_WHAT YOU SHOULD DO_
Below are some records. Retype exactly the lines from the one containing "[thumbnail: Simulink's stored" through the one containing "alike) : ee_lib/Passive/Inductor", both included, skipping every picture.

_RECORDS SUPPLIED_
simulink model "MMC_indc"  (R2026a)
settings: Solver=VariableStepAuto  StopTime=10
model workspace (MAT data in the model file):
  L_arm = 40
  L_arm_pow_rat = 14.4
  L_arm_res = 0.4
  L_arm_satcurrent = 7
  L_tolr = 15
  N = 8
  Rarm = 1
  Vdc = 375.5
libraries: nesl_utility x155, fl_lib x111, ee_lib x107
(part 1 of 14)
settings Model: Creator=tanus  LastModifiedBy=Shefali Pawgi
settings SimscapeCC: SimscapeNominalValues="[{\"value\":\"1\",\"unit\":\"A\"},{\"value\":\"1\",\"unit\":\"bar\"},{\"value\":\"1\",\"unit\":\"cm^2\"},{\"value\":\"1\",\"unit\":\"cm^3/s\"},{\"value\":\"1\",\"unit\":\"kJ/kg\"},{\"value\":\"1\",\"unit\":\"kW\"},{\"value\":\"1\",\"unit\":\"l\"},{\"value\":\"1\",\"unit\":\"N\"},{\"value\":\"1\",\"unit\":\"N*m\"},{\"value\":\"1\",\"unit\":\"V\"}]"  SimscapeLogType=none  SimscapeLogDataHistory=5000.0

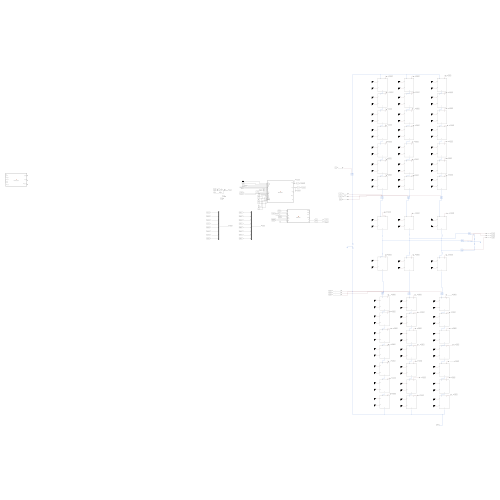
[thumbnail: Simulink's stored preview of the top-level diagram]
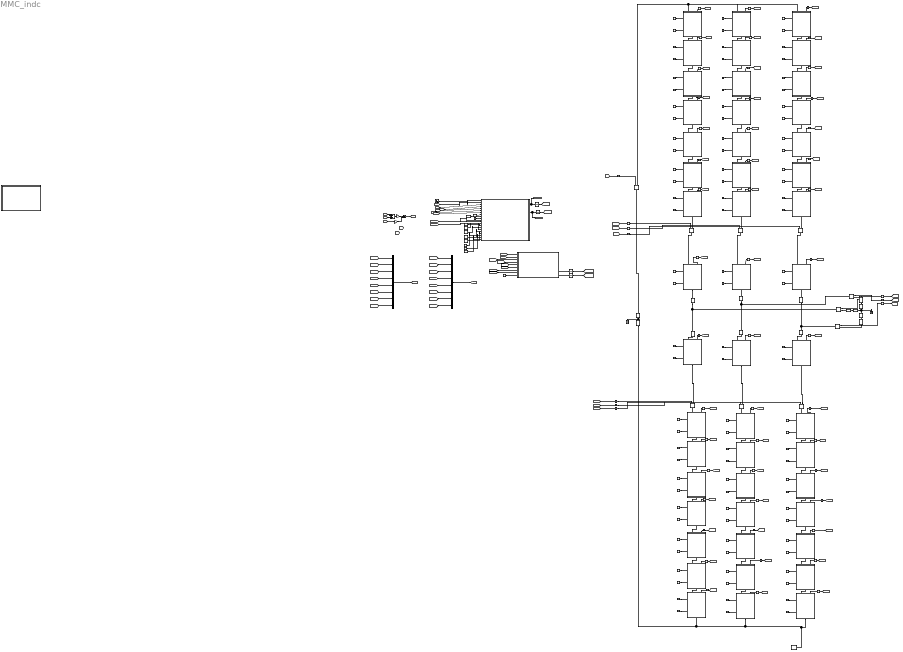
== system MMC_indc ==
  Constant : Constant  Value=Vdc
  Constant1 : Constant  Value=N
  Constant10 : Constant  Value=0.3
  Constant11 : Constant  Value=8
  Constant2 : Constant  Value=20e-3
  Constant3 : Constant  Value=10
  Constant4 : Constant  Value=220e-6
  Constant5 : Constant  Value=0.04
  Constant6 : Constant  Value=100e-3
  Constant7 : Constant
  Constant8 : Constant  Value=0.1
  Constant9 : Constant  Value=0.1
  Current Sensor{,1..9} (10 alike) : fl_lib/Electrical/Electrical Sensors/Current Sensor
  Electrical Reference : fl_lib/Electrical/Electrical Elements/Electrical Reference
  Electrical Reference1 : fl_lib/Electrical/Electrical Elements/Electrical Reference
  Gain : Gain  Gain=0.5
  Gain1 : Gain  Gain=1/3
  Inductor{1..4,6..7} (6 alike) : ee_lib/Passive/Inductor  l=L_arm mH  enable_L_tol=ee.enum.toleranceApplication.applyRand  L_tol=L_tolr  tol_distribution=ee.enum.toleranceDistribution.uniform  nSigma=4  r=L_arm_res Ohm  g=1e-9 1/Ohm  enable_operating_limits=ee.enum.enable.yes  operating_limit_action=ee.enum.passive.reportOpLim.warn  max_working_current=L_arm_satcurrent A  power_rating=L_arm_pow_rat W  i_L_specify=on  i_L_priority=High  i_L=0.44 A  i_L_nominal_specify=off  i_L_nominal_value=1  i_L_nominal_unit=A
  Inductor5 : ee_lib/Passive/Inductor  l=20e-3 H  enable_L_tol=ee.enum.toleranceApplication.none  L_tol=20  tol_distribution=ee.enum.toleranceDistribution.uniform  nSigma=4  r=0 Ohm  g=1e-9 1/Ohm  enable_operating_limits=ee.enum.enable.no  operating_limit_action=ee.enum.passive.reportOpLim.warn  max_working_current=1 A  power_rating=1 W  i_L_specify=on  i_L_priority=High  i_L=0.44 A  i_L_nominal_specify=off  i_L_nominal_value=1  i_L_nominal_unit=A
  Inductor8 : ee_lib/Passive/Inductor  l=20e-3 H  enable_L_tol=ee.enum.toleranceApplication.none  L_tol=20  tol_distribution=ee.enum.toleranceDistribution.uniform  nSigma=4  r=0 Ohm  g=1e-9 1/Ohm  enable_operating_limits=ee.enum.enable.no  operating_limit_action=ee.enum.passive.reportOpLim.warn  max_working_current=1 A  power_rating=1 W  i_L_specify=on  i_L_priority=High  i_L=0.44 A  i_L_nominal_specify=off  i_L_nominal_value=1  i_L_nominal_unit=A
  Inductor9 : ee_lib/Passive/Inductor  l=20e-3 H  enable_L_tol=ee.enum.toleranceApplication.none  L_tol=20  tol_distribution=ee.enum.toleranceDistribution.uniform  nSigma=4  r=0 Ohm  g=1e-9 1/Ohm  enable_operating_limits=ee.enum.enable.no  operating_limit_action=ee.enum.passive.reportOpLim.warn  max_working_current=1 A  power_rating=1 W  i_L_specify=on  i_L_priority=High  i_L=0.44 A  i_L_nominal_specify=off  i_L_nominal_value=1  i_L_nominal_unit=A
  MATLAB Function : MATLAB Function  TreatAsAtomicUnit=on
  MATLAB Function1 : MATLAB Function  TreatAsAtomicUnit=on
  MATLAB Function2 : MATLAB Function  TreatAsAtomicUnit=on
  Mux : Mux  Inputs=8
  Mux1 : Mux  Inputs=8
  PS-Simulink Converter{,1..57} (58 alike) : nesl_utility/PS-Simulink Converter  PhysicalDomain=network_engine_domain  SubClassName=ps_output  LeftPortType=input  RightPortType=output  PseudoPeriodic=off  Frequencies=[]  VectorFormat=inherit  Unit=inherit  AffineConversion=off
  Rarm : Constant  Value=0.4
  Resistor : fl_lib/Electrical/Electrical Elements/Resistor  R=10 Ohm  i_specify=off  i_priority=None  i=0 A  i_nominal_specify=off  i_nominal_value=1  i_nominal_unit=A  v_specify=off  v_priority=None  v=0 V  v_nominal_specify=off  v_nominal_value=1  v_nominal_unit=V
  Resistor1 : fl_lib/Electrical/Electrical Elements/Resistor  R=10 Ohm  i_specify=off  i_priority=None  i=0 A  i_nominal_specify=off  i_nominal_value=1  i_nominal_unit=A  v_specify=off  v_priority=None  v=0 V  v_nominal_specify=off  v_nominal_value=1  v_nominal_unit=V
  Resistor2 : fl_lib/Electrical/Electrical Elements/Resistor  R=10 Ohm  i_specify=off  i_priority=None  i=0 A  i_nominal_specify=off  i_nominal_value=1  i_nominal_unit=A  v_specify=off  v_priority=None  v=0 V  v_nominal_specify=off  v_nominal_value=1  v_nominal_unit=V
  Simulink-PS Converter{3..4,7..8,10..25,27..28,30..38,40..64,66..71,73..77,79..82,84..108} (96 alike) : nesl_utility/Simulink-PS Converter  PhysicalDomain=network_engine_domain  SubClassName=ps_input  LeftPortType=input  RightPortType=output  PseudoPeriodic=off  Frequencies=[]  NoiseDistribution=none  NoiseParameters=[]  Unit=1  AffineConversion=off  FilteringAndDerivatives=provide  SimscapeFilterOrder=1  InputFilterTimeConstant=0.001  UdotUserProvided=0
  Solver Configuration1 : nesl_utility/Solver Configuration  PhysicalDomain=network_engine_domain  SubClassName=solver  LeftPortType=input  RightPortType=generic  Tones=[]  Harmonics=[]  SimulateNoise=off  Profile=off  UseLocalSampling=off  EnableSwitchedLinearOptims=on  FrequencyDomain=off  UseCCode=off  RelTol=0.001  AbsTol=0.001  MinStep=1e-09  ToWorkspace=off  RevertToSquareIcSolve=off  NumHomotopyIterations=100  PhasorMode=off  PhasorModeNumHarmonics=1  ConsistencySolver=NEWTON_XTOL_AFTER_FTOL  CanonicalOrdering=UNORDERED  OptimizeIntermediates=UNOPTIMIZED  IndexReductionMethod=DerivativeReplacement  DoDC=off  ResidualTolerance=1e-09  ConsistencyTolSource=GLOBAL  ConsistencyAbsTol=0.001  ConsistencyRelTol=0.001  ConsistencyTolFactor=0.001  UseLocalSolver=off  LocalSolverChoice=NE_BACKWARD_EULER_ADVANCER  ResolveIndetEquations=on  FunctionEvalNumThread=1  LocalSolverSampleTime=0.001  DoFixedCost=off  MaxNonlinIter=3  MaxModeIter=2  ComputeImpulses=off  ImpulseIterations=2  LinearAlgebra=auto  LinearAlgebraNumThread=0  EquationFormulation=NE_TIME_EF  DelaysMemoryBudget=1024  AutomaticFiltering=on  FilteringTimeConstant=0.001  PartitionStorageMethod=AS_NEEDED  PartitionMemoryBudget=1024  PartitionMethod=ROBUST  MultibodyUseLocalSolver=off  MultibodyLocalSolverChoice=ODE1  MultibodyLocalSolverSampleTime=0.001
  Subsystem1 : Subsystem
      settings: PortSchema="{\"entries\":[{\"content\":{\"sides\":[{\"content\":{\"connectorIds\":[\"LConn1\",\"LConn2\"]},\"type\":\"ConnectorPlacement.EquallySpacedRectSide\",\"uuid\":\"15b6a701-c482-4ab4-b894-e969b74b8fe7\"},{\"content\":{\"side\":\"RIGHT\"},\"type\":\"ConnectorPlacement.EquallySpacedRectSide\",\"uuid\":\"d0e695dd-06b6-4831-9b12-69abc92aa4b4\"},{\"content\":{\"connectorIds\":[\"LConn3\",\"LConn4\"],\"side\":\"TOP\"},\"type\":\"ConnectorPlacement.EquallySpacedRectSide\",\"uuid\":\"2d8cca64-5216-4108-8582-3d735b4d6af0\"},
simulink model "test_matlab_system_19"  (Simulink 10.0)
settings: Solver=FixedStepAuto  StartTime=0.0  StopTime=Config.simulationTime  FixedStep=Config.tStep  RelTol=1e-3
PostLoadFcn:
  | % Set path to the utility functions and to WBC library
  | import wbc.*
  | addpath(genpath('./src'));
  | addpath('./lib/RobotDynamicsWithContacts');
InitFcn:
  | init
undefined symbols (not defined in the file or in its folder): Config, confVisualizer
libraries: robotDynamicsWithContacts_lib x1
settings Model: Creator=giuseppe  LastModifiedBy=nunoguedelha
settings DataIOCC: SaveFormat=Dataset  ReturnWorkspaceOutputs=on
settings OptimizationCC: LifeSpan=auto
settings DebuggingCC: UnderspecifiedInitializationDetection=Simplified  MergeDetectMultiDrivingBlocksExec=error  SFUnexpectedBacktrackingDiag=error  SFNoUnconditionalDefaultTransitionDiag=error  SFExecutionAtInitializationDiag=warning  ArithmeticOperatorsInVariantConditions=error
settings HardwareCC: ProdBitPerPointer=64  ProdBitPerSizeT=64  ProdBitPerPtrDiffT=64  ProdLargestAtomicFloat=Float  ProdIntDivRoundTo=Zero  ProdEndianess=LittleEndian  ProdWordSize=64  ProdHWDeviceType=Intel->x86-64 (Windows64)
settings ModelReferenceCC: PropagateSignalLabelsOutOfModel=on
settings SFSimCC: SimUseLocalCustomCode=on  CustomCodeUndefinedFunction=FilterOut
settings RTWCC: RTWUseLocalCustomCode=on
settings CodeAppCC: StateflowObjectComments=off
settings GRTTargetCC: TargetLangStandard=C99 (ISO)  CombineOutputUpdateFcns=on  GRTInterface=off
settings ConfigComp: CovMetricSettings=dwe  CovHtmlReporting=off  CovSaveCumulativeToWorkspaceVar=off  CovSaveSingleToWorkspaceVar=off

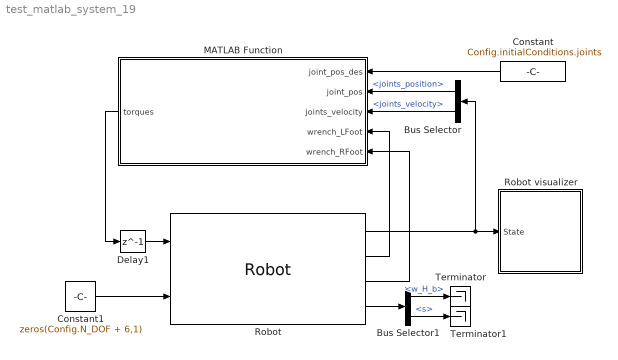
== system test_matlab_system_19 ==
  Bus Selector : BusSelector  OutputSignals=joints_position,joints_velocity
  Bus Selector1 : BusSelector  OutputSignals=w_H_b,s
  Constant : Constant  Value=Config.initialConditions.joints
  Constant1 : Constant  Value=zeros(Config.N_DOF + 6,1)
  Delay1 : Delay  DelayLength=1  InitialCondition=zeros(23,1)
  MATLAB Function : MATLAB Function  TreatAsAtomicUnit=on
  Robot : robotDynamicsWithContacts_lib/Robot  SystemSampleTime=-1  Latency=0  AutoFrameSizeCalculation=off
      settings: SourceProductName=RobotDynamicsWithContacts
  Robot visualizer : Subsystem  SystemSampleTime=confVisualizer.tStep
  Terminator : Terminator
  Terminator1 : Terminator
  wires:
  Constant1/1 -> Robot/2
  Bus Selector/1 -> MATLAB Function/2(joint_pos)  "<joints_position>"
  Bus Selector/2 -> MATLAB Function/3(joints_velocity)  "<joints_velocity>"
  Robot/1 -> Robot visualizer/1(State), Bus Selector/1
  Robot/2 -> MATLAB Function/4(wrench_LFoot)
  Robot/3 -> MATLAB Function/5(wrench_RFoot)
  Constant/1 -> MATLAB Function/1(joint_pos_des)
  MATLAB Function/1(torques) -> Delay1/1
  Delay1/1 -> Robot/1
  Robot/4 -> Bus Selector1/1
  Bus Selector1/2 -> Terminator1/1  "<s>"
  Bus Selector1/1 -> Terminator/1  "<w_H_b>"

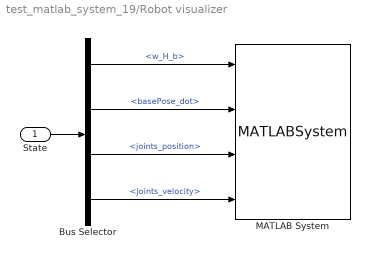
== system test_matlab_system_19/Robot visualizer ==
  State : Inport
  Bus Selector : BusSelector  OutputSignals=w_H_b,basePose_dot,joints_position,joints_velocity
  MATLAB System : MATLABSystem  System=Visualizer  config=confVisualizer  SimulateUsing=Interpreted execution
      mask Type: Visualizer
      mask Display:
      | disp(['Robot' char(10) 'Visualizer']);
      | port_label('input',1,'world_H_base');
      | port_label('input',2,'base_velocity');
      | port_label('input',3,'joints_positions');
      | port_label('input',4,'joints_velocity');
  wires:
  State/1 -> Bus Selector/1
  Bus Selector/1 -> MATLAB System/1  "<w_H_b>"
  Bus Selector/3 -> MATLAB System/3  "<joints_position>"
  Bus Selector/2 -> MATLAB System/2  "<basePose_dot>"
  Bus Selector/4 -> MATLAB System/4  "<joints_velocity>"

== matlab function MATLAB Function ==
  data: torques output double; joint_pos_des input double; joint_pos input double; joints_velocity input double; wrench_LFoot input double; wrench_RFoot input double
function torques = dummy_torque_control(joint_pos_des, joint_pos, joints_velocity, wrench_LFoot, wrench_RFoot)
    
    joints_pos_error = (joint_pos_des - joint_pos);
    
    KP = 0.1;
    KD = 2*sqrt(KP);
    
    torques = KP*(joints_pos_error) - KD*joints_velocity;

_RESPONSE AREA_
[thumbnail: Simulink's stored preview of the top-level diagram]
== system MMC_indc ==
  Constant : Constant  Value=Vdc
  Constant1 : Constant  Value=N
  Constant10 : Constant  Value=0.3
  Constant11 : Constant  Value=8
  Constant2 : Constant  Value=20e-3
  Constant3 : Constant  Value=10
  Constant4 : Constant  Value=220e-6
  Constant5 : Constant  Value=0.04
  Constant6 : Constant  Value=100e-3
  Constant7 : Constant
  Constant8 : Constant  Value=0.1
  Constant9 : Constant  Value=0.1
  Current Sensor{,1..9} (10 alike) : fl_lib/Electrical/Electrical Sensors/Current Sensor
  Electrical Reference : fl_lib/Electrical/Electrical Elements/Electrical Reference
  Electrical Reference1 : fl_lib/Electrical/Electrical Elements/Electrical Reference
  Gain : Gain  Gain=0.5
  Gain1 : Gain  Gain=1/3
  Inductor{1..4,6..7} (6 alike) : ee_lib/Passive/Inductor  l=L_arm mH  enable_L_tol=ee.enum.toleranceApplication.applyRand  L_tol=L_tolr  tol_distribution=ee.enum.toleranceDistribution.uniform  nSigma=4  r=L_arm_res Ohm  g=1e-9 1/Ohm  enable_operating_limits=ee.enum.enable.yes  operating_limit_action=ee.enum.passive.reportOpLim.warn  max_working_current=L_arm_satcurrent A  power_rating=L_arm_pow_rat W  i_L_specify=on  i_L_priority=High  i_L=0.44 A  i_L_nominal_specify=off  i_L_nominal_value=1  i_L_nominal_unit=A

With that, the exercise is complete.